Infibeam Incorporation is India’s first e-commerce company to launch an Initial Public Offer (IPO) of equity. The company’s business model, however, is different from a typical e-commerce company. While opportunities are immense, risks are also high. Although Infibeam is among the few domestic e-commerce companies to report profits, the IPO pricing is expensive. In this backdrop, the IPO is not for the faint-hearted.
Business
The revenue mix is diversified. In addition to its own e-commerce business via the infibeam.com website, the company offers cloud-based, customisable online solutions via its BuildaBazaar platform, wherein merchants can create their own website. BuildaBazaar also provides services such as mobile applications, digital product catalogue, content management, promotions handling and access to payment getaways, among others.
Infibeam’s strength is the integrated business model which allows merchants to sell their products both via the retail website and the BuildaBazaar platform. Infibeam.com provides the company access to customers and market analytics which can be used by merchants. E-commerce's low penetration in India offers immense growth potential for such companies.

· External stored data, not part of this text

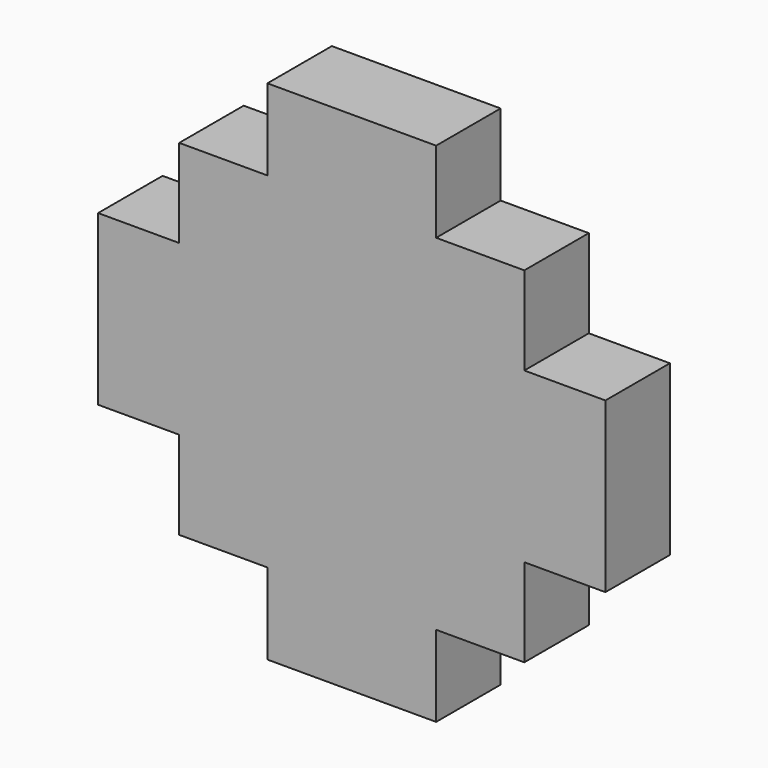
from build123d import *

# Parameters (mm, degrees)
F1_DEPTH = 2.032
F2_DEPTH = 1


# Not quite as in the source:
# - a feature names something its author has since deleted; it is built from what else it names


with BuildPart() as f1:
    # F0 (on Front) → F1 (new body)
    with BuildSketch(Plane.XZ):
        Polygon((-15.2212520439, 36.2265945869), (-17.3485020439, 36.2265945869), (-19.4757520439, 36.2265945869), (-19.4757520439, 34.1818945869), (-21.6982520439, 34.1818945869), (-21.6982520439, 31.9593945869), (-23.7429520439, 31.9593945869), (-23.7429520439, 29.8321445869), (-23.7429520439, 27.7048945869), (-21.6982520439, 27.7048945869), (-21.6982520439, 25.4823945869), (-19.4757520439, 25.4823945869), (-19.4757520439, 23.4376945869), (-17.3485020439, 23.4376945869), (-15.2212520439, 23.4376945869), (-15.2212520439, 25.4823945869), (-12.9987520439, 25.4823945869), (-12.9987520439, 27.7048945869), (-10.9540520439, 27.7048945869), (-10.9540520439, 29.8321445869), (-10.9540520439, 31.9593945869), (-12.9987520439, 31.9593945869), (-12.9987520439, 34.1818945869), (-15.2212520439, 34.1818945869), align=None)
        Polygon((-20.2887904064, 26.8476658233), (-17.9100000431, 32.8906836652), (-17.3217338641, 32.8878096037), (-14.9560986218, 26.8476658233), (-15.6798228753, 26.8476658233), (-16.4316139315, 28.7639858865), (-18.8453636264, 28.7639858865), (-19.5791117047, 26.8476658233), align=None, mode=Mode.SUBTRACT)
        Polygon((-17.3217338641, 32.8878096037), (-17.9100000431, 32.8906836652), (-20.2887904064, 26.8476658233), (-19.5791117047, 26.8476658233), (-18.8453636264, 28.7639858865), (-16.4316139315, 28.7639858865), (-15.6798228753, 26.8476658233), (-14.9560986218, 26.8476658233), align=None)
        Polygon((-18.5900452678, 29.3939520338), (-17.6306684633, 32.1173264378), (-16.6415135508, 29.3939520338), align=None, mode=Mode.SUBTRACT)
        Polygon((-16.6415135508, 29.3939520338), (-17.6306684633, 32.1173264378), (-18.5900452678, 29.3939520338), align=None)
    extrude(amount=F1_DEPTH)

    # F0 (on Front) → F2 (cut)
    with BuildSketch(Plane.XZ):
        Polygon((-17.3217338641, 32.8878096037), (-17.9100000431, 32.8906836652), (-20.2887904064, 26.8476658233), (-19.5791117047, 26.8476658233), (-18.8453636264, 28.7639858865), (-16.4316139315, 28.7639858865), (-15.6798228753, 26.8476658233), (-14.9560986218, 26.8476658233), align=None)
        Polygon((-18.5900452678, 29.3939520338), (-17.6306684633, 32.1173264378), (-16.6415135508, 29.3939520338), align=None, mode=Mode.SUBTRACT)
    extrude(amount=F2_DEPTH, mode=Mode.SUBTRACT)


solid = f1.part
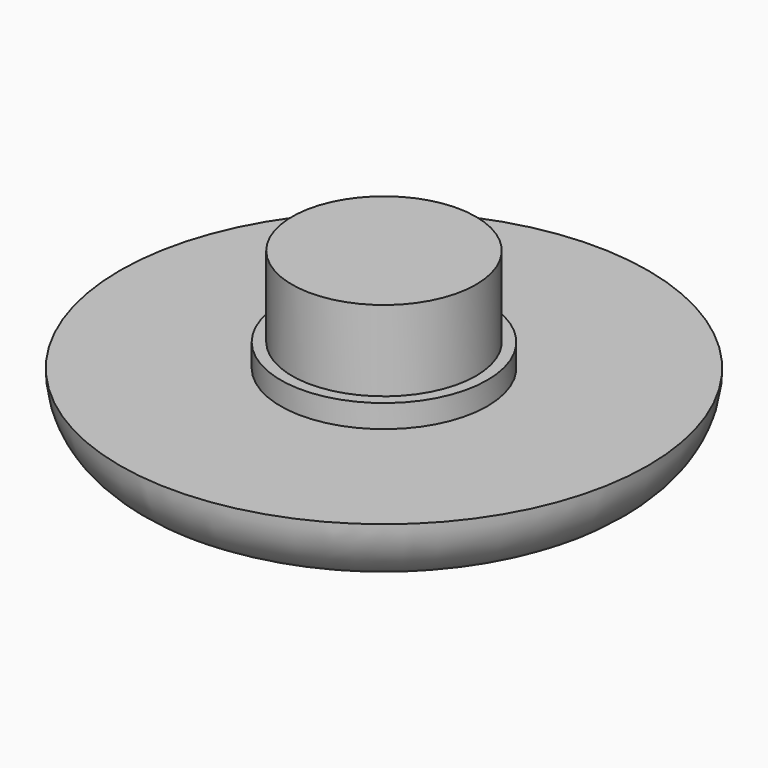
from build123d import *

# Parameters (mm, degrees)
F0_R     = 4.5
F0_R_2   = 4.005
F1_DEPTH = 1
F2_DEPTH = 4.5
F0_R_3   = 11.5
F3_DEPTH = 3
F4_DEPTH = 3
F5_R     = 2.99999


# Not quite as in the source:
# - a fillet or chamfer is up to 0.001 mm smaller than in the source, because OpenCascade refuses the exact size


with BuildPart() as f1:
    # F0 (on Top) → F1 (new body)
    with BuildSketch(Plane.XY):
        Circle(F0_R)
        Circle(F0_R_2, mode=Mode.SUBTRACT)
    extrude(amount=F1_DEPTH)

    # F0 (on Top) → F2 (join)
    with BuildSketch(Plane.XY):
        Circle(F0_R_2)
    extrude(amount=F2_DEPTH)

    # F0 (on Top) → F3 (join)
    with BuildSketch(Plane.XY):
        Circle(F0_R_3)
        Circle(F0_R, mode=Mode.SUBTRACT)
    extrude(amount=-F3_DEPTH)

    # F0 (on Top) → F4 (join)
    with BuildSketch(Plane.XY):
        Circle(F0_R)
        Circle(F0_R_2, mode=Mode.SUBTRACT)
        Circle(F0_R_2)
    extrude(amount=-F4_DEPTH)

    # F5 (radius 3 in the source; OpenCascade refuses exactly that, so slightly less here)
    f5_edges = [f1.edges().sort_by_distance(p)[0] for p in [
        (-11.5, 0, -3),
    ]]
    fillet(f5_edges, radius=F5_R)


solid = f1.part

However, even as the company’s retail-facing website. infibeam.com, contributed about 72 per cent of consolidated revenue for the six months ending September 2015 (the rest from BuildaBazaar), margins were only one per cent in this period. This business has very limited brand visibility among retail customers, as well as intense competition from a host of e-commerce players such as FlipKart, Amazon, and Jabong. Low brand visibility will make it difficult for the company to reduce discounts and improve profitability, a strategy adopted by most leading peers in this space.
The BuildaBazaar business is the main contributor to profits and generated an Ebitda margin of 58 per cent in the first half of FY16. The business caters to clients such as Panasonic India, Crossword Bookstores, Adlabs Entertainment, Gulf Oil Lubricants India, Hidesign India and Axiom Telecom. BuildaBazaar currently charges its merchants in two ways. One, as a per cent of transaction value and as a fixed cost of Rs 1,000 a month, which merchants can use once they achieve scale in the number of transactions done via the platform.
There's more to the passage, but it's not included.